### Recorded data
══════
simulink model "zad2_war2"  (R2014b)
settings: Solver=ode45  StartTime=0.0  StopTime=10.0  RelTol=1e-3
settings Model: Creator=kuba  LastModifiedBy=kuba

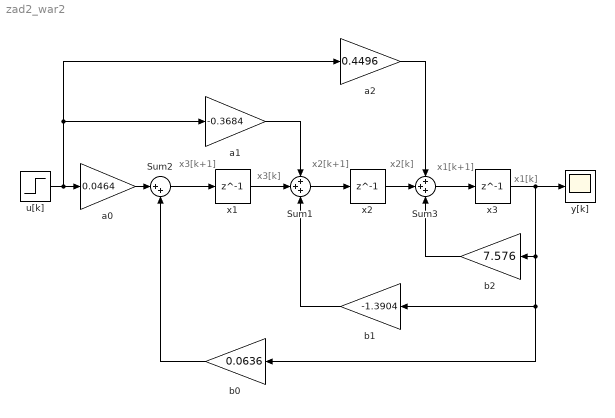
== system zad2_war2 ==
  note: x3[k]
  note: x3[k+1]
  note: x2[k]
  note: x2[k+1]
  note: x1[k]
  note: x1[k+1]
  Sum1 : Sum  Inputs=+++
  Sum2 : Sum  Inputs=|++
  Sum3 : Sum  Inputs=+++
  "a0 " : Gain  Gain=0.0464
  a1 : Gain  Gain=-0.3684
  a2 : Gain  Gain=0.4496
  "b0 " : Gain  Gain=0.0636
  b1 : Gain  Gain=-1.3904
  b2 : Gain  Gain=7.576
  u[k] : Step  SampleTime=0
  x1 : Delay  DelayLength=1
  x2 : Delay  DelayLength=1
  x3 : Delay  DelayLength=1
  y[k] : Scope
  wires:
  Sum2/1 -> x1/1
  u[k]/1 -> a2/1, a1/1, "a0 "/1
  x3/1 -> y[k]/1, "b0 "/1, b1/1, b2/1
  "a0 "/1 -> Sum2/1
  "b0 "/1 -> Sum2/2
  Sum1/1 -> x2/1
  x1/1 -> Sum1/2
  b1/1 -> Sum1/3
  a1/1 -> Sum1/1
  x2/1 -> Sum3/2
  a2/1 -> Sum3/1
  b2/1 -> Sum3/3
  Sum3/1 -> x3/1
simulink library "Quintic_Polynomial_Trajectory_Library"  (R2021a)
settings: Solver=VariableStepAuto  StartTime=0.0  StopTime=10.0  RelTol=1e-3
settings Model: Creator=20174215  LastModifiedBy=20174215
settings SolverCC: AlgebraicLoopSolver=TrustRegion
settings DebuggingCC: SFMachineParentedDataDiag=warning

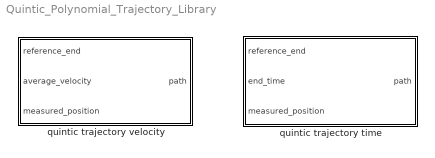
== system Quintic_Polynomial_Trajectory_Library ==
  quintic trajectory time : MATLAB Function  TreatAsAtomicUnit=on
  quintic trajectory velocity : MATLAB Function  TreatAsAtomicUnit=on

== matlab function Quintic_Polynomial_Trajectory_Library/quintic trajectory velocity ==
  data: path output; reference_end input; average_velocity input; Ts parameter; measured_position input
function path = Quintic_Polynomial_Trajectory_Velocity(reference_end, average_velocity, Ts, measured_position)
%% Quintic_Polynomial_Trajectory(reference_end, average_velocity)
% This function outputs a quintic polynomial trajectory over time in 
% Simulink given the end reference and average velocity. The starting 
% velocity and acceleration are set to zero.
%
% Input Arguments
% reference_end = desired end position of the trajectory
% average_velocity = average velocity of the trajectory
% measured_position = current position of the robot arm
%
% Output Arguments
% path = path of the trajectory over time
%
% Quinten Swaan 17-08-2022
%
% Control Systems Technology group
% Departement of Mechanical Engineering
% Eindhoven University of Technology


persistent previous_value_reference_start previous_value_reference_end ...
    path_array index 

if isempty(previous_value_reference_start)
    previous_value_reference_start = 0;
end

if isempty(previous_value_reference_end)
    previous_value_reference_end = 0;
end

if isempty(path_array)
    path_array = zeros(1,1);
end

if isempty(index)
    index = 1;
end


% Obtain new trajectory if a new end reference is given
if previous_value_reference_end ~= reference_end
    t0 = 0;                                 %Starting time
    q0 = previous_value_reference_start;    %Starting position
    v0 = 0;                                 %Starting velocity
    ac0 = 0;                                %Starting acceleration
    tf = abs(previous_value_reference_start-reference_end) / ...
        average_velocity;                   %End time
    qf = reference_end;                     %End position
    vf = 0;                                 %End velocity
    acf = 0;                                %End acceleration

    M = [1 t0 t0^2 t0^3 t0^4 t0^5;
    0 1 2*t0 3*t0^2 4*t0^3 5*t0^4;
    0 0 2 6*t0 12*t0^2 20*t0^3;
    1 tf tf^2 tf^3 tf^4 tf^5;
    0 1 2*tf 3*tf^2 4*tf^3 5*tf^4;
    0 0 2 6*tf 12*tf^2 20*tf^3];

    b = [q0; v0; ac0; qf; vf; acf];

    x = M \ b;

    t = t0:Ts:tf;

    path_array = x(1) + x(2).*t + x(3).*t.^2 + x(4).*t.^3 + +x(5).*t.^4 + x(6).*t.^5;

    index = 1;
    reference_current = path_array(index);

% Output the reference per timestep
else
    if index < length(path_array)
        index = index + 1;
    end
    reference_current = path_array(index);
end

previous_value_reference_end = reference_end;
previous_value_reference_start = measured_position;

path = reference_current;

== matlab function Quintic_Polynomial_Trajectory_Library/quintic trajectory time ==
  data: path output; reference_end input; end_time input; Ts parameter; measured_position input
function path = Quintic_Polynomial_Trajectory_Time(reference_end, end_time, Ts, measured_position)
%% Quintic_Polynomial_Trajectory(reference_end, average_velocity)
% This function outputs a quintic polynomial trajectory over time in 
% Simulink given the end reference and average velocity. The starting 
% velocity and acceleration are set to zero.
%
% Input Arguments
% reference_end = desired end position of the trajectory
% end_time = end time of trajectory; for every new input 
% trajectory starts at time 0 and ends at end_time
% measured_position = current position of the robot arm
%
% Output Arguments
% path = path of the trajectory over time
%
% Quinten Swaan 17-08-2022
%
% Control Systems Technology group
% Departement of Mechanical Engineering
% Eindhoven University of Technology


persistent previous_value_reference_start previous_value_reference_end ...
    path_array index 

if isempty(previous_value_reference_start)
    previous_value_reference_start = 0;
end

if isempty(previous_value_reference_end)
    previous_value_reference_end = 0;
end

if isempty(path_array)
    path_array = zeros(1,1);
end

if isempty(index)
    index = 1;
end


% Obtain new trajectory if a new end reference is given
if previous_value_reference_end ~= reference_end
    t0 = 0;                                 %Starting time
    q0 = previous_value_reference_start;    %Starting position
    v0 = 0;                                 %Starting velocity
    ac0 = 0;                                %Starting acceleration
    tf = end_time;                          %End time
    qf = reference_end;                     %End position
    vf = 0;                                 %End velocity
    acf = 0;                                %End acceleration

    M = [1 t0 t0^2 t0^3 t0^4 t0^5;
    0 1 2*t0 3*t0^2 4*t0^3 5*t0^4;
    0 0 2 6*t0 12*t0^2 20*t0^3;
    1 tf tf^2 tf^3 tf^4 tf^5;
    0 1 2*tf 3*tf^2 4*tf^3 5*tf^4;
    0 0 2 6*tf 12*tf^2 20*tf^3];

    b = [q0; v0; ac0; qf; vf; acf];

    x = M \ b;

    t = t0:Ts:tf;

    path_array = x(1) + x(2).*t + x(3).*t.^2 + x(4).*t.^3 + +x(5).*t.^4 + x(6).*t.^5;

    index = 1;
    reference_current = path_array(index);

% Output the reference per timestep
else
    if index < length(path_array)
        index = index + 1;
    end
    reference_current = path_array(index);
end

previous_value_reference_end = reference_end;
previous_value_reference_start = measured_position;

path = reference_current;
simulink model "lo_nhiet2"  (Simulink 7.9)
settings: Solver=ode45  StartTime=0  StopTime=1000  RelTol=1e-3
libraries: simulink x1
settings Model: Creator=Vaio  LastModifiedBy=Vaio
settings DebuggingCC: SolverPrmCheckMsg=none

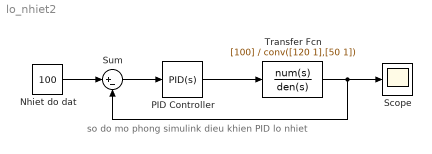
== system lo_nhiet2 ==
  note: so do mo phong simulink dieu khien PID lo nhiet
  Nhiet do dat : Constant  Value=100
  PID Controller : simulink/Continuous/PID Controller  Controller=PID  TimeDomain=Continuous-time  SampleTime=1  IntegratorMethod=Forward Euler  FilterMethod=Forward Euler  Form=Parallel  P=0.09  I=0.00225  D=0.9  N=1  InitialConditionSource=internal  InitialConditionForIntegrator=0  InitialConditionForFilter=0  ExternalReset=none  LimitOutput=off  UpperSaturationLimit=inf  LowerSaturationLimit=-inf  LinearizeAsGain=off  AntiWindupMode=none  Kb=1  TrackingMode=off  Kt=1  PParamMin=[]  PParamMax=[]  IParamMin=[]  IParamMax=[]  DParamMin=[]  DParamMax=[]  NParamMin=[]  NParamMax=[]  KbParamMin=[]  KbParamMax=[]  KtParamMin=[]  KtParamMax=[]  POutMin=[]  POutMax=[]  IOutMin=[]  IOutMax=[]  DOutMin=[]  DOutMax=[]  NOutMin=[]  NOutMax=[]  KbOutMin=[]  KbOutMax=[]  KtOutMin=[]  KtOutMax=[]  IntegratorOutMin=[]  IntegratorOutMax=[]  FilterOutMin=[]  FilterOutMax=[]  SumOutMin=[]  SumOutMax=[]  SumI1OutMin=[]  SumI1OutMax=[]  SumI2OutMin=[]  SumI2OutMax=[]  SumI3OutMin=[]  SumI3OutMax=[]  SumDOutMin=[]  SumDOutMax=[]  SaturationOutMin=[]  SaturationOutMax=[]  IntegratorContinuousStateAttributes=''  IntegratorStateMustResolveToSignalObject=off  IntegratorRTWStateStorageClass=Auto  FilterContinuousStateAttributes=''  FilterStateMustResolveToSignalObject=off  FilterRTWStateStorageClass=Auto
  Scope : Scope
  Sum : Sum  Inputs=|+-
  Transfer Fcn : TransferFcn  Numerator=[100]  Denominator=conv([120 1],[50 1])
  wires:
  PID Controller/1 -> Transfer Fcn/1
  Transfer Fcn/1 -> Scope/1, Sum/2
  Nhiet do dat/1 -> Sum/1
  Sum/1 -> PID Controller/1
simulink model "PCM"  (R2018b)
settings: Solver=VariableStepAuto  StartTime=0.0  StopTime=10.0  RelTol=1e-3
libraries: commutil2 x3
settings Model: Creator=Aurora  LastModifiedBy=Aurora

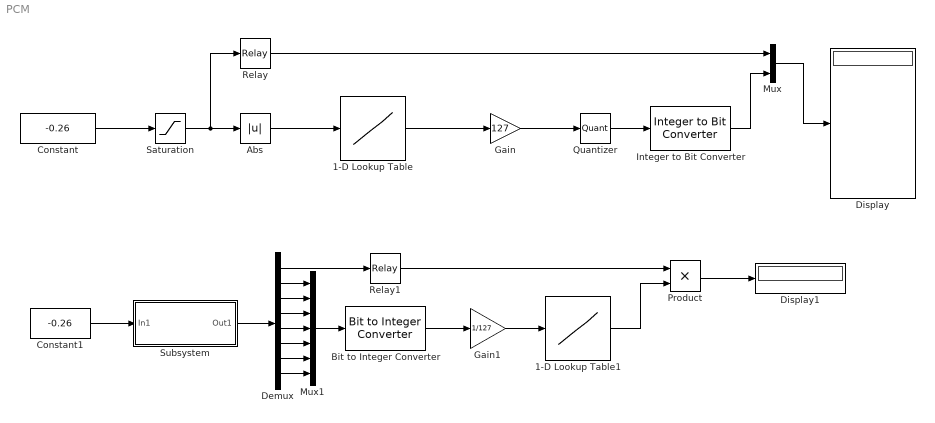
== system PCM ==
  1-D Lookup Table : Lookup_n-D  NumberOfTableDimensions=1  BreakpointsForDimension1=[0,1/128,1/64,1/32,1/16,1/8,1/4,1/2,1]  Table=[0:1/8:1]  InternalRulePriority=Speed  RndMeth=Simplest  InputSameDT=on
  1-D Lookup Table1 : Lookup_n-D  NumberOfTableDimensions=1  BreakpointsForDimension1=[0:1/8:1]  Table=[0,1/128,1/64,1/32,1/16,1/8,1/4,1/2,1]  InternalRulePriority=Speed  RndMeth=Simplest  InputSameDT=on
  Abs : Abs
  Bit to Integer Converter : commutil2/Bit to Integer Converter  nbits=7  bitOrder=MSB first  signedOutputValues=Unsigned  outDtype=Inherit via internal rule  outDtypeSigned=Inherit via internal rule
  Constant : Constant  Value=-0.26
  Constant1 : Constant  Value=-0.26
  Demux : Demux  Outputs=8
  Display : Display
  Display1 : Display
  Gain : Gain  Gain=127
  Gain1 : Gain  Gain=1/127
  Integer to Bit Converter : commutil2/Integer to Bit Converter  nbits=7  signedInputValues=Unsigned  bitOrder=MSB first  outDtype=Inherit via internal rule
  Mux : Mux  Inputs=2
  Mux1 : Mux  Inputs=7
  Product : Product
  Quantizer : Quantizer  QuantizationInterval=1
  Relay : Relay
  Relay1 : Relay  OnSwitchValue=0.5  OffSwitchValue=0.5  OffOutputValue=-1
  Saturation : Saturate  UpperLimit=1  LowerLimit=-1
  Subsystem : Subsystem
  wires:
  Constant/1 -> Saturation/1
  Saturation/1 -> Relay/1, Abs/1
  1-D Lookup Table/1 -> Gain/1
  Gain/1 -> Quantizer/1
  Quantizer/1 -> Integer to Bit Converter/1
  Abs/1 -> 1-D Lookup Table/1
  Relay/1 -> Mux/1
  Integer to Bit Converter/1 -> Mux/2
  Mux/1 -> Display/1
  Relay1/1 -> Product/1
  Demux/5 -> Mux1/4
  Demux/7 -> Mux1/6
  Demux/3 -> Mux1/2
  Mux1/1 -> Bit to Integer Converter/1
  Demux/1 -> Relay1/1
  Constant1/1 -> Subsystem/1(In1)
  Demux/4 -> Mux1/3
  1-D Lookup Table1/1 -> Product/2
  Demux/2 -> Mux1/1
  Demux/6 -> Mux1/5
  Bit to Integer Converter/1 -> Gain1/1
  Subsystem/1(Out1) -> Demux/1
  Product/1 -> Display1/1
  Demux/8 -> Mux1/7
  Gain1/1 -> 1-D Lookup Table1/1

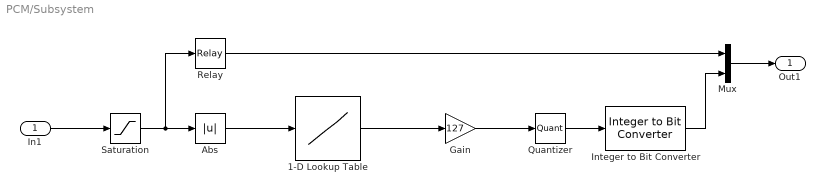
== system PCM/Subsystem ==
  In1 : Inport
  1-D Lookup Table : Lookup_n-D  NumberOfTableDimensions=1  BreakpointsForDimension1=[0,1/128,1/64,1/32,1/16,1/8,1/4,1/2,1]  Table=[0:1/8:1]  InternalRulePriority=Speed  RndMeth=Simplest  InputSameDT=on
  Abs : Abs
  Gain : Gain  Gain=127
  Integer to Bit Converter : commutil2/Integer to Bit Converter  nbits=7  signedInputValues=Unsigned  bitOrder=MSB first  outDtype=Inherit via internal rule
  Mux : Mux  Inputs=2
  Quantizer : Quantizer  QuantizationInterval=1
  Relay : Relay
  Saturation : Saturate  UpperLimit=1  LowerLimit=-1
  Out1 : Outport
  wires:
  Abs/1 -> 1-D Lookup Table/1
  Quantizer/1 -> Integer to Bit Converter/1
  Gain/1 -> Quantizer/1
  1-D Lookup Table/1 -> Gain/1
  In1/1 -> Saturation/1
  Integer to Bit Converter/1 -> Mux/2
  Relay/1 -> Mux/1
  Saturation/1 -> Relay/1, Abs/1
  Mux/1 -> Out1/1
══════
### What you have to do
For this task, write out exactly the lines of the entries above, starting at the line with "note: x2[k]" and ending at the line with "settings DebuggingCC: SFMachineParentedDataDiag=warning", both included, and no others.

### Your response
  note: x2[k]
  note: x2[k+1]
  note: x1[k]
  note: x1[k+1]
  Sum1 : Sum  Inputs=+++
  Sum2 : Sum  Inputs=|++
  Sum3 : Sum  Inputs=+++
  "a0 " : Gain  Gain=0.0464
  a1 : Gain  Gain=-0.3684
  a2 : Gain  Gain=0.4496
  "b0 " : Gain  Gain=0.0636
  b1 : Gain  Gain=-1.3904
  b2 : Gain  Gain=7.576
  u[k] : Step  SampleTime=0
  x1 : Delay  DelayLength=1
  x2 : Delay  DelayLength=1
  x3 : Delay  DelayLength=1
  y[k] : Scope
  wires:
  Sum2/1 -> x1/1
  u[k]/1 -> a2/1, a1/1, "a0 "/1
  x3/1 -> y[k]/1, "b0 "/1, b1/1, b2/1
  "a0 "/1 -> Sum2/1
  "b0 "/1 -> Sum2/2
  Sum1/1 -> x2/1
  x1/1 -> Sum1/2
  b1/1 -> Sum1/3
  a1/1 -> Sum1/1
  x2/1 -> Sum3/2
  a2/1 -> Sum3/1
  b2/1 -> Sum3/3
  Sum3/1 -> x3/1
simulink library "Quintic_Polynomial_Trajectory_Library"  (R2021a)
settings: Solver=VariableStepAuto  StartTime=0.0  StopTime=10.0  RelTol=1e-3
settings Model: Creator=20174215  LastModifiedBy=20174215
settings SolverCC: AlgebraicLoopSolver=TrustRegion
settings DebuggingCC: SFMachineParentedDataDiag=warning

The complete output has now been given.